Title
#general
h

HarlanF

11/04/2021, 8:31 PM
I've got three homegrown extensions deployed to a big fleet. They're used in some schedule queries, and I'm getting that they're initially all loading (with a
Registering extension
line in the osqueryd.INFO file). Then, less than 24h later, 1,000 of the fleet starts reporting "Error executing <pack>: no such table: <table>". An osqueryd restart fixes it. Ideas?
9:52 PM
Also, even when I'm getting that error emitted, I can go into osqueryi and access the table fine each time.
s

seph

11/05/2021, 12:07 AM
Unless you're using
.connect
osqueryi is a separate process and will spawn its own extensions.
12:07 AM
Sounds like the extension is dying (or being killed). You could use the process table to examine it
h

HarlanF

11/05/2021, 1:41 AM
@seph, isn't there some sort of oversight on the extension process from osqueryd? Presuming there's still a process alive for the extension, is there anything I could/should look for in
ps auxww
output for it?
s

seph

11/05/2021, 3:42 AM
extensions run as their own process.

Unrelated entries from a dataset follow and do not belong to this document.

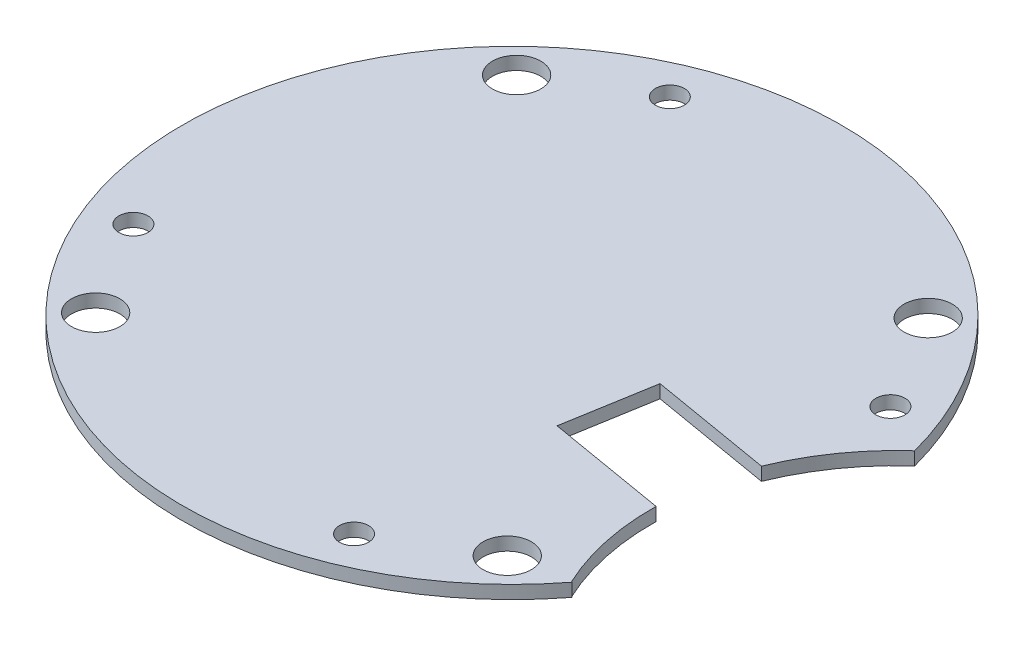
SolidWorks part; units mm, degrees
ref_plane "Alzado" through (0, 0, 0) normal (0, 0, 1) x (1, 0, 0)
ref_plane "Planta" through (0, 0, 0) normal (0, 1, 0) x (1, 0, 0)
ref_plane "Vista lateral" through (0, 0, 0) normal (1, 0, 0) x (0, 0, -1)
sketch "Sketch1" plane through (0, 0, 0) normal (0, 1, 0) x (1, 0, 0)
  circle A0 centre (0, 0) radius 37.5
  dimension "D1" = 75
extrude "Boss-Extrude1" add sketch "Sketch1" along normal blind 1.5
sketch "Sketch2" plane through (0, 1.5, 0) normal (0, 1, 0) x (1, 0, 0)
sketch "Sketch3" plane through (0, 1.5, 0) normal (0, 1, 0) x (1, 0, 0)
  line L0 (0, 0) -> (0, 17.0335) construction
  circle A0 centre (-7, 0) radius 2
  circle A1 centre (7, 0) radius 2
  dimension "D1" = 4
  dimension "D2" = 7
sketch "Sketch4" plane through (0, 0, 0) normal (0, -1, 0) x (1, 0, 0)
  circle A1 centre (0, 0) radius 7.25
extrude "Boss-Extrude2" add sketch "Sketch4" along normal blind 6
sketch "Sketch5" plane through (0, -6, 0) normal (0, -1, 0) x (1, 0, 0)
  circle A0 centre (0, 0) radius 5.5
  dimension "D1" = 11
extrude "Cut-Extrude2" cut sketch "Sketch5" against normal blind 7
sketch "Sketch6" plane through (0, 0, 0) normal (0, -1, 0) x (1, 0, 0)
  circle A1 centre (0, 0) radius 37.5
  circle A4 centre (0, 0) radius 37.5
  dimension "D1" = 0
sketch "Sketch7" plane through (0, 1.5, 0) normal (0, 1, 0) x (1, 0, 0)
sketch "Sketch8" plane through (0, 1.5, 0) normal (0, 1, 0) x (1, 0, 0)
  circle A0 centre (-23.4164, 23.9496) radius 2.75
  circle A1 centre (23.9496, 23.4164) radius 2.75
  circle A2 centre (23.4164, -23.9496) radius 2.75
  circle A3 centre (-23.9496, -23.4164) radius 2.75
  circle A4 centre (-30.5199, -12.5514) radius 1.65
  circle A5 centre (-12.5514, 30.5199) radius 1.65
  circle A6 centre (30.5199, 12.5514) radius 1.65
  circle A7 centre (12.5514, -30.5199) radius 1.65
  point P12 (0, 0)
  point P22 (0, 0)
  dimension "D1" = 5.5
  dimension "D2" = 4
  dimension "D3" = 3.3
  dimension "D4" = 4
extrude "Cut-Extrude3" cut sketch "Sketch8" against normal blind 10
sketch "Sketch9" plane through (0, 1.5, 0) normal (0, 1, 0) x (1, 0, 0)
  line L0 (15.1529, 1.7001) -> (13.4507, -8.3163) construction
  line L1 (29.0581, -0.663) -> (15.1529, 1.7001) construction
  line L2 (13.4507, -8.3163) -> (27.0237, -10.623) construction
  line L3 (15.1529, 1.7001) -> (13.4507, -8.3163)
  line L4 (29.0581, -0.663) -> (15.1529, 1.7001)
  line L5 (13.4507, -8.3163) -> (27.0237, -10.623)
  arc A0 (36.243, 9.5554) -> (29.0581, -0.663) centre (54.7623, -11.1012) ccw construction
  arc A1 (27.0237, -10.623) -> (29.6579, -22.9091) centre (54.7623, -11.1012) ccw construction
  arc A2 (36.243, 9.5554) -> (29.0581, -0.663) centre (54.7623, -11.1012) ccw
  arc A3 (27.0237, -10.623) -> (29.6579, -22.9091) centre (54.7623, -11.1012) ccw
  arc A4 (29.6579, -22.9091) -> (36.243, 9.5554) centre (23.0939, -4.6776) ccw
extrude "Cut-Extrude5" cut sketch "Sketch9" against normal mid plane 10

You should be able to see them in the ps output.
3:43 AM
Is it alive? Is the memory utilization okay? I don’t have any idea about your extension, so this is first principles…
3:44 AM
I don’t offhand remember how osquery handles poorly performing extensions. Crashing is likely different than hanging.
Mike Myers

Mike Myers

11/05/2021, 6:04 AM
if this is Windows, we just recently fixed a problem with extension loading https://github.com/osquery/osquery/issues/7324
h

HarlanF

11/05/2021, 3:25 PM
It's Linux, but will comb through some ones that are erring today, through the process table, and will see if I can distinguish bad from good using that. Thanks, both.
9:58 PM
@seph, I think we're experiencing a bug without how osquery recovers from watchdog errors when there are multiple extensions.
10:25 PM
I think we're experiencing a bug in extensions-handling that's brought on by a watchdog action. Again, we have three extensions we've developed, each being a python-based extension through Swift. ORDERED CHRONOLOGICALLY:
/opt/osquery/bin/osqueryd --flagfile /etc/osquery/osquery.flags --config_path /etc/osquery/osquery.conf
 \_ /opt/osquery/bin/osqueryd
 \_ .../bin/python3.8 /usr/lib/osquery/extension1.ext --socket /var/osquery/osquery.em --timeout 3 --interval 3
 \_ .../bin/python3.8 /usr/lib/osquery/extension2.ext --socket /var/osquery/osquery.em --timeout 3 --interval 3
 \_ .../bin/python3.8 /usr/lib/osquery/extension3.ext --socket /var/osquery/osquery.em --timeout 3 --interval 3
This how the processes look when freshly started (to 'ps auxwf'), when all the extensions are performant. When some query (not an extension) hits a watchdog in our environment, the child process (line 2 above) must die and get restarted. In our setup, it's not restarting all the extension processes, and ends up looking like this: ORDERED CHRONOLOGICALLY:
/opt/osquery/bin/osqueryd --flagfile /etc/osquery/osquery.flags --config_path /etc/osquery/osquery.conf
 \_ .../bin/python3.8 /usr/lib/osquery/extension1.ext --socket /var/osquery/osquery.em --timeout 3 --interval 3
 \_ .../bin/python3.8 /usr/lib/osquery/extension2.ext --socket /var/osquery/osquery.em --timeout 3 --interval 3
 \_ /opt/osquery/bin/osqueryd
 \_ .../bin/python3.8 /usr/lib/osquery/extension3.ext --socket /var/osquery/osquery.em --timeout 3 --interval 3
At this point, extension 3 works and start time matches the child daemon above it, but extensions 1 & 2 still have timing from the parent process above them. So in a watchdog situation, it'd appear something's hasn't managed to iterate through the extensions and restart them all. If I look up the pid of the erring extensions immediately above, and kill one of them, something restarts it immediately, and it resumes working.
12:47 AM
Ah, we're running Thrift 0.13.0, and we're going to try on a box upgrading to Thrift 0.15.0; we'll know Monday I suppose
Mike Myers

Mike Myers

11/06/2021, 1:04 AM
We're working on updating Thrift within osquery too. https://github.com/osquery/osquery/pull/7330/commits/ad4a128fb0eaaf811f80e2ee6a6243454da0ec2d Maybe you can build osquery from this branch to test if it resolves the issue you're seeing?
1:04 AM
Or one of us can provide a test build from that branch.